DNase I hypersensitivity (DHS site tag density) of DHS sites following expression (−Tet, y-axis) of dnBrg1 (a), dnChd4 (b), or dnSnf2h (c) compared to DHS sites in the absence (+Tet, x-axis) of the indicated dnRemodeler. Insets, expanded views of selected scatter plot regions. Conserved (green) are sites that existed prior to and after the expression of dnRemodeler; lost (red) are sites lost following dnRemodeler expression; and gained (blue) are newly opened sites. Solid red line; trend line used to indicate direction of DHS tag density change following dnRemodeler expression. Dotted black line, diagonal line indicating position of trend line if there were no changes in hypersensitivity. Control −Tet/+Tet distributions for parental cells with no dnRemodelers are shown in Supplementary Fig. 8.
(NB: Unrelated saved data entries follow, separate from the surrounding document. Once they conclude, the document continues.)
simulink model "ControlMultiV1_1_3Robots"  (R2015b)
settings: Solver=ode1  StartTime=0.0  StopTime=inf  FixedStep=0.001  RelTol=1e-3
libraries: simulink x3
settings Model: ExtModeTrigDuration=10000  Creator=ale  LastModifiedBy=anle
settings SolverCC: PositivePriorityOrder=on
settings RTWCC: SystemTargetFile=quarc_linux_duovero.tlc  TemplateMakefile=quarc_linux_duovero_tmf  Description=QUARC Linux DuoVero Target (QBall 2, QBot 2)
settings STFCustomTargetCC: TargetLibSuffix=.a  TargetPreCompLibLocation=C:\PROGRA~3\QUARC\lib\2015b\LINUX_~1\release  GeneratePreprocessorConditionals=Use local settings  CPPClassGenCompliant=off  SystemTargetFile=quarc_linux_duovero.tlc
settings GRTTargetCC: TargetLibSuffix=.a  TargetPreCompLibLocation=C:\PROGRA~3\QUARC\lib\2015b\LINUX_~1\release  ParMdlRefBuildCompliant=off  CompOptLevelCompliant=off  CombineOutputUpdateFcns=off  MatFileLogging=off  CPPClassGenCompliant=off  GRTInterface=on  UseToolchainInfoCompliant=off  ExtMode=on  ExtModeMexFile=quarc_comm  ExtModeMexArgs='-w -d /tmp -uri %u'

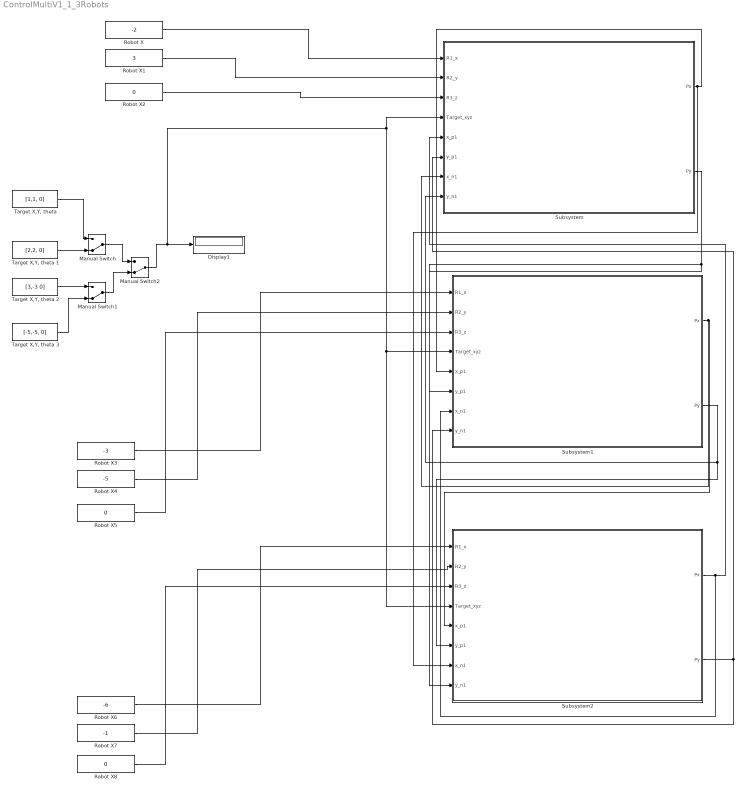
== system ControlMultiV1_1_3Robots ==
  Display1 : Display
  Manual Switch : ManualSwitch  CurrentSetting=0
  Manual Switch1 : ManualSwitch  CurrentSetting=0
  Manual Switch2 : ManualSwitch  CurrentSetting=0
  Robot X : Constant  Value=-2
  Robot X1 : Constant  Value=3
  Robot X2 : Constant  Value=0
  Robot X3 : Constant  Value=-3
  Robot X4 : Constant  Value=-5
  Robot X5 : Constant  Value=0
  Robot X6 : Constant  Value=-6
  Robot X7 : Constant  Value=-1
  Robot X8 : Constant  Value=0
  Subsystem : Subsystem
  Subsystem1 : Subsystem
  Subsystem2 : Subsystem
  "Target X,Y, theta " : Constant  Value=[1,1, 0]
  "Target X,Y, theta 1" : Constant  Value=[2,2, 0]
  "Target X,Y, theta 2" : Constant  Value=[3,-3 0]
  "Target X,Y, theta 3" : Constant  Value=[-5,-5, 0]
  wires:
  Manual Switch2/1 -> Subsystem2/4(Target_xyz), Subsystem1/4(Target_xyz), Subsystem/4(Target_xyz), Display1/1
  "Target X,Y, theta "/1 -> Manual Switch/1
  "Target X,Y, theta 1"/1 -> Manual Switch/2
  Manual Switch/1 -> Manual Switch2/1
  Manual Switch1/1 -> Manual Switch2/2
  "Target X,Y, theta 2"/1 -> Manual Switch1/1
  "Target X,Y, theta 3"/1 -> Manual Switch1/2
  Robot X/1 -> Subsystem/1(R1_x)
  Robot X1/1 -> Subsystem/2(R2_y)
  Robot X2/1 -> Subsystem/3(R3_z)
  Robot X3/1 -> Subsystem1/1(R1_x)
  Robot X4/1 -> Subsystem1/2(R2_y)
  Robot X5/1 -> Subsystem1/3(R3_z)
  Robot X6/1 -> Subsystem2/1(R1_x)
  Robot X7/1 -> Subsystem2/2(R2_y)
  Robot X8/1 -> Subsystem2/3(R3_z)
  Subsystem/1(Px) -> Subsystem2/7(x_n1), Subsystem1/5(x_p1)
  Subsystem/2(Py) -> Subsystem2/8(y_n1), Subsystem1/6(y_p1)
  Subsystem1/1(Px) -> Subsystem/7(x_n1), Subsystem2/5(x_p1)
  Subsystem1/2(Py) -> Subsystem/8(y_n1), Subsystem2/6(y_p1)
  Subsystem2/1(Px) -> Subsystem1/7(x_n1), Subsystem/5(x_p1)
  Subsystem2/2(Py) -> Subsystem/6(y_p1), Subsystem1/8(y_n1)

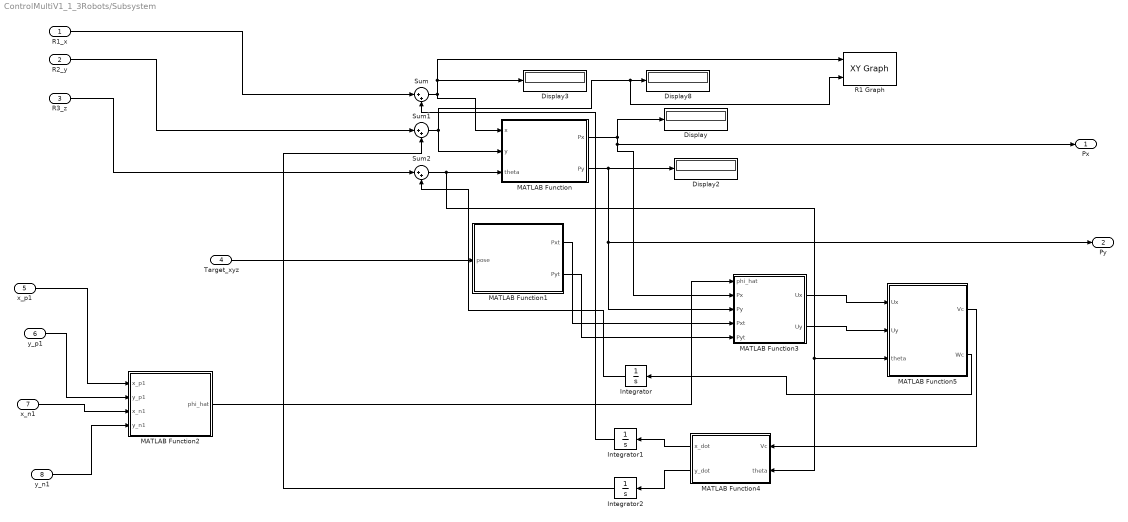
== system ControlMultiV1_1_3Robots/Subsystem ==
  R1_x : Inport
  R2_y : Inport  Port=2
  R3_z : Inport  Port=3
  Target_xyz : Inport  Port=4
  x_p1 : Inport  Port=5
  y_p1 : Inport  Port=6
  x_n1 : Inport  Port=7
  y_n1 : Inport  Port=8
  Display{,2..3,8} (4 alike) : Display
  Integrator : Integrator
  Integrator1 : Integrator
  Integrator2 : Integrator
  MATLAB Function : MATLAB Function  TreatAsAtomicUnit=on
  MATLAB Function1 : MATLAB Function  TreatAsAtomicUnit=on
  MATLAB Function2 : MATLAB Function  TreatAsAtomicUnit=on
  MATLAB Function3 : MATLAB Function  TreatAsAtomicUnit=on
  MATLAB Function4 : MATLAB Function  TreatAsAtomicUnit=on
  MATLAB Function5 : MATLAB Function  TreatAsAtomicUnit=on
  R1 Graph : simulink/Sinks/XY Graph  xmin=-20  xmax=20  ymin=-20  ymax=20  st=-1
  Sum : Sum  Inputs=|++
  Sum1 : Sum  Inputs=|++
  Sum2 : Sum  Inputs=|++
  Px : Outport
  Py : Outport  Port=2
  wires:
  MATLAB Function1/1(Pxt) -> MATLAB Function3/4(Pxt)
  MATLAB Function1/2(Pyt) -> MATLAB Function3/5(Pyt)
  MATLAB Function/2(Py) -> Py/1, MATLAB Function3/3(Py), Display2/1
  MATLAB Function/1(Px) -> MATLAB Function3/2(Px), Px/1, Display/1
  Sum2/1 -> MATLAB Function4/2(theta), MATLAB Function5/3(theta), MATLAB Function/3(theta)
  Sum1/1 -> MATLAB Function/2(y), R1 Graph/2, Display8/1
  Sum/1 -> MATLAB Function/1(x), R1 Graph/1, Display3/1
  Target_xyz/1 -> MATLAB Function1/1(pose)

Figure 7. Multiple remodelers contribute to the regulation of an individual DHS site

(a–k) Examples of DHS sites affected by expression of each of the indicated dominant-negative remodelers. (a–d) Single remodeler effects. (e–g) Double synergism. (h–k) Triple synergism. For comparison, the −Tet induction of dominant negative tracks are displaced down and to the right (black coordinates +Tet; red coordinates −Tet). −/+ dnBrg1 [(Cyan (−), Blue (+)]; −/+ dnChd4 [(Yellow (−), Green (+)]; −/+ dnSnf2h [(Pink (−), Red (+)]; −/+ Tet regulator control [(Gray (−), Black (+)]. Tet Regulator Control; cell line expressing only the tetracycline transactivator protein demonstrating effects at these DHS sites are due exclusively to the expression of the dominant-negative variant. Red arrows denote increases or decreases in accessibility, while dotted horizontal line indicates no change. (l) Mechanism of dynamic transitions in chromatin structure mediated by transient recruitment of remodelers and their associated activity. Remodeler complexes are targeted to a nucleosomal region by specific DNA-bound factors. Both events, remodeler recruitment and factor binding, are transient. Transitions may involve a unique remodeler, or multiple complexes acting sequentially (right side). Furthermore, some reactions may lead to chromatin closing, rather than opening (left side). Thus, localized chromatin states monitored by current methodologies represent population averages of complex processes that sometimes involve multiple remodeling systems.